▶ What needs to be done
Could you restate word for word each line from the top of the listing below through the line containing "0) x (0, 0, -1)"? Keep the pictures out.

▶ Records supplied
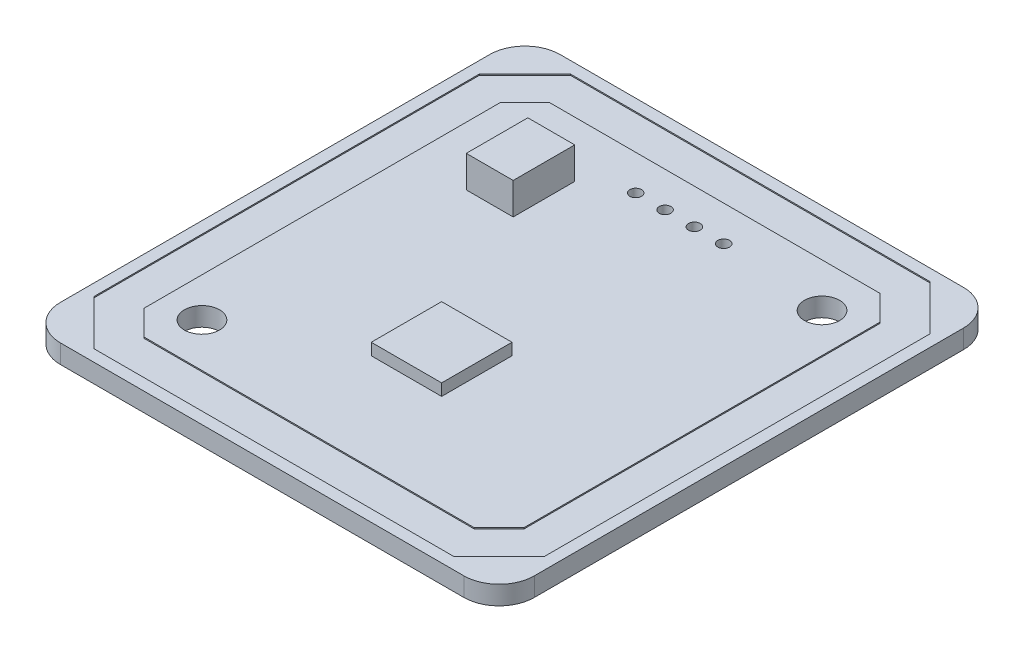
SolidWorks part; units mm, degrees
ref_plane "Front Plane" through (0, 0, 0) normal (0, 0, 1) x (1, 0, 0)
ref_plane "Top Plane" through (0, 0, 0) normal (0, 1, 0) x (1, 0, 0)
ref_plane "Right Plane" through (0, 0, 0) normal (1, 0, 0) x (0, 0, -1)
sketch "Sketch1" plane through (0, 0, 0) normal (0, 1, 0) x (1, 0, 0)
  line L1 (20.2, 21.3) -> (-20.2, 21.3)
  line L2 (20.2, 21.3) -> (20.2, -21.3)
  line L3 (20.2, -21.3) -> (-20.2, -21.3)
  line L4 (-20.2, 21.3) -> (-20.2, -21.3)
  line L5 (20.2, 21.3) -> (-20.2, -21.3) construction
  line L6 (20.2, -21.3) -> (-20.2, 21.3) construction
  point P0 (0, 0)
  dimension "D1" = 42.6
  dimension "D2" = 40.4
extrude "Boss-Extrude1" add sketch "Sketch1" along normal blind 1.6
sketch "Sketch2" plane through (0, 1.6, 0) normal (0, 1, 0) x (1, 0, 0)
  line L0 (-20.2, 0) -> (20.2, 0) construction
  line L1 (-20.2, 21.3) -> (-20.2, -21.3) construction
  line L2 (20.2, -21.3) -> (20.2, 21.3) construction
  line L3 (12.8679, 13.5686) -> (-12.8679, -13.5686) construction
  circle A0 centre (12.8679, 13.5686) radius 1.5
  circle A1 centre (-12.8679, -13.5686) radius 1.5
  point P10 (-13.261, -13.1847)
  dimension "D1" = 34.4
  dimension "D2" = 3
extrude "Cut-Extrude1" cut sketch "Sketch2" against normal through all
sketch "Sketch5" plane through (0, 1.6, 0) normal (0, 1, 0) x (1, 0, 0)
  line L0 (-14.7, 18.8) -> (-17.7, 15.8)
  line L1 (17.7, 15.8) -> (14.7, 18.8)
  line L2 (14.7, -18.8) -> (17.7, -15.8)
  line L3 (-17.7, -15.8) -> (-14.7, -18.8)
  line L8 (-17.7, 18.8) -> (-17.7, -18.8)
  line L9 (-17.7, -18.8) -> (17.7, -18.8)
  line L10 (17.7, -18.8) -> (17.7, 18.8)
  line L11 (17.7, 18.8) -> (-17.7, 18.8)
  line L12 (-17.7, 15.8) -> (-17.7, -15.8)
  line L13 (-14.7, -18.8) -> (14.7, -18.8)
  line L14 (17.7, -15.8) -> (17.7, 15.8)
  line L15 (14.7, 18.8) -> (-14.7, 18.8)
  point P0 (0, 0)
  dimension "D1" = 2.5
extrude "Cut-Extrude-Thin2" cut sketch "Sketch5" against normal blind 0.1 thin thin type mid plane wall 3
fillet "Fillet1" radius 3 4 edges at (20.2, 0.8, -21.3) (20.2, 0.8, 21.3) (-20.2, 0.8, 21.3) (-20.2, 0.8, -21.3)
sketch "Sketch3" plane through (0, 1.6, 0) normal (0, 1, 0) x (1, 0, 0)
  line L0 (-20.2, 18.3) -> (-20.2, -18.3) construction
  line L1 (-7.2, 12.55) -> (-11.2, 12.55)
  line L2 (-7.2, 12.55) -> (-7.2, 7.3)
  line L3 (-7.2, 7.3) -> (-11.2, 7.3)
  line L4 (-11.2, 12.55) -> (-11.2, 7.3)
  line L5 (-7.2, 12.55) -> (-11.2, 7.3) construction
  line L6 (-7.2, 7.3) -> (-11.2, 12.55) construction
  line L7 (17.2, 21.3) -> (-17.2, 21.3) construction
  point P0 (-9.2, 9.925)
  dimension "D1" = 4
  dimension "D2" = 13
  dimension "D3" = 5.25
  dimension "D4" = 14
extrude "Boss-Extrude2" add sketch "Sketch3" along normal blind 2.7
sketch "Sketch4" plane through (0, 1.6, 0) normal (0, 1, 0) x (1, 0, 0)
  line L1 (3, -9) -> (-3, -9)
  line L2 (3, -9) -> (3, -3)
  line L3 (3, -3) -> (-3, -3)
  line L4 (-3, -9) -> (-3, -3)
  line L5 (3, -9) -> (-3, -3) construction
  line L6 (3, -3) -> (-3, -9) construction
  point P0 (0, -6)
  point P5 (0, 0)
  dimension "D1" = 6
  dimension "D2" = 6
extrude "Boss-Extrude3" add sketch "Sketch4" along normal blind 1
sketch "Sketch6" plane through (0, 1.6, 0) normal (0, 1, 0) x (1, 0, 0)
  line L0 (0, 0) -> (0, 21.3) construction
  line L1 (17.2, 21.3) -> (-17.2, 21.3) construction
  line L2 (-1.25, 14.3) -> (1.25, 14.3) construction
  line L3 (-3.75, 14.3) -> (-1.25, 14.3) construction
  circle A0 centre (-3.75, 14.3) radius 0.5
  circle A1 centre (-1.25, 14.3) radius 0.5
  circle A2 centre (1.25, 14.3) radius 0.5
  circle A3 centre (3.75, 14.3) radius 0.5
  point P13 (-1.1262, 14.0771)
  dimension "D2" = 1
  dimension "D1" = 7
  dimension "D3" = 2.5
extrude "Cut-Extrude2" cut sketch "Sketch6" against normal through all

▶ Result of the exercise
SolidWorks part; units mm, degrees
ref_plane "Front Plane" through (0, 0, 0) normal (0, 0, 1) x (1, 0, 0)
ref_plane "Top Plane" through (0, 0, 0) normal (0, 1, 0) x (1, 0, 0)
ref_plane "Right Plane" through (0, 0, 0) normal (1, 0, 0) x (0, 0, -1)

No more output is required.